| Exercise objective |
Transcribe exactly the line containing "#31012 = CARTESIAN_POINT" plus every later line in the data.

| Information provided |
──────────

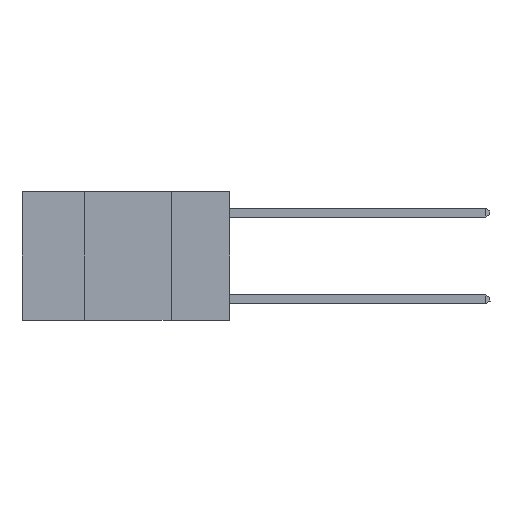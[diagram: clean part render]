
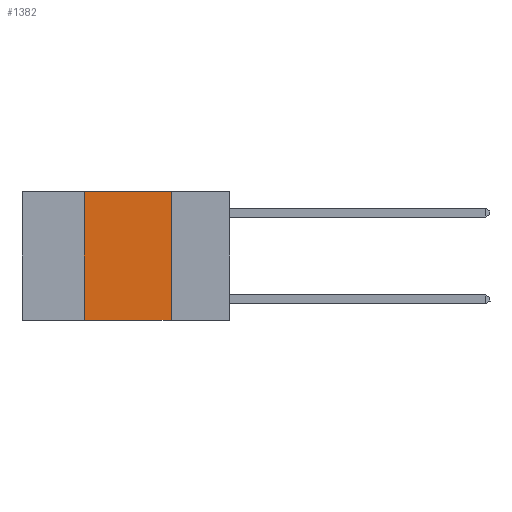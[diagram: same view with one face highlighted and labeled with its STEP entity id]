
A CAD part, left-side view. The second image highlights one B-rep face of the part: STEP entity #1382.
In plain terms, the highlighted planar face has unit normal (-1, 0, 0).
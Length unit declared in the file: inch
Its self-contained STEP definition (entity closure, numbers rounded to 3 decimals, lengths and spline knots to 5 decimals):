
#1094 = EDGE_CURVE ( 'NONE', #22433, #31371, #2621, .T. ) ;
#1205 = DIRECTION ( 'NONE',  ( 0., 0., 1. ) ) ;
#1382 = ADVANCED_FACE ( 'NONE', ( #18732 ), #26361, .F. ) ;
#1783 = CARTESIAN_POINT ( 'NONE',  ( 0., 0.42, 0. ) ) ;
#2621 = LINE ( 'NONE', #4572, #5958 ) ;
#3201 = CARTESIAN_POINT ( 'NONE',  ( 0., 0.42, 0. ) ) ;
#4572 = CARTESIAN_POINT ( 'NONE',  ( 0., 0.6, 0. ) ) ;
#5958 = VECTOR ( 'NONE', #12552, 39.37008 ) ;
#6358 = DIRECTION ( 'NONE',  ( 1., 0., 0. ) ) ;
#6978 = VERTEX_POINT ( 'NONE', #30210 ) ;
#7122 = LINE ( 'NONE', #19647, #14561 ) ;
#8499 = ORIENTED_EDGE ( 'NONE', *, *, #31057, .T. ) ;
#11762 = EDGE_CURVE ( 'NONE', #6978, #22433, #23355, .T. ) ;
#11839 = LINE ( 'NONE', #27133, #15915 ) ;
#12552 = DIRECTION ( 'NONE',  ( 0., -1., 0. ) ) ;
#12689 = EDGE_CURVE ( 'NONE', #31371, #20440, #7122, .T. ) ;
#12924 = AXIS2_PLACEMENT_3D ( 'NONE', #13700, #6358, #26682 ) ;
#13700 = CARTESIAN_POINT ( 'NONE',  ( 0., 0.6, 0. ) ) ;
#14561 = VECTOR ( 'NONE', #17212, 39.37008 ) ;
#15915 = VECTOR ( 'NONE', #22689, 39.37008 ) ;
#17212 = DIRECTION ( 'NONE',  ( 0., 0., -1. ) ) ;
#18732 = FACE_OUTER_BOUND ( 'NONE', #26239, .T. ) ;
#19647 = CARTESIAN_POINT ( 'NONE',  ( 0., 0.17, 0. ) ) ;
#19966 = CARTESIAN_POINT ( 'NONE',  ( 0., 0.17, -0.37 ) ) ;
#20440 = VERTEX_POINT ( 'NONE', #19966 ) ;
#21076 = ORIENTED_EDGE ( 'NONE', *, *, #11762, .F. ) ;
#21860 = ORIENTED_EDGE ( 'NONE', *, *, #1094, .F. ) ;
#22433 = VERTEX_POINT ( 'NONE', #1783 ) ;
#22560 = ORIENTED_EDGE ( 'NONE', *, *, #12689, .F. ) ;
#22689 = DIRECTION ( 'NONE',  ( 0., -1., 0. ) ) ;
#23355 = LINE ( 'NONE', #3201, #26374 ) ;
#26239 = EDGE_LOOP ( 'NONE', ( #22560, #21860, #21076, #8499 ) ) ;
#26361 = PLANE ( 'NONE',  #12924 ) ;
#26374 = VECTOR ( 'NONE', #1205, 39.37008 ) ;
#26682 = DIRECTION ( 'NONE',  ( 0., 0., -1. ) ) ;
#27133 = CARTESIAN_POINT ( 'NONE',  ( 0., 0.6, -0.37 ) ) ;
#30210 = CARTESIAN_POINT ( 'NONE',  ( 0., 0.42, -0.37 ) ) ;
#31012 = CARTESIAN_POINT ( 'NONE',  ( 0., 0.17, 0. ) ) ;
#31057 = EDGE_CURVE ( 'NONE', #6978, #20440, #11839, .T. ) ;
#31371 = VERTEX_POINT ( 'NONE', #31012 ) ;

──────────

| Expected output |
#31012 = CARTESIAN_POINT ( 'NONE',  ( 0., 0.17, 0. ) ) ;
#31057 = EDGE_CURVE ( 'NONE', #6978, #20440, #11839, .T. ) ;
#31371 = VERTEX_POINT ( 'NONE', #31012 ) ;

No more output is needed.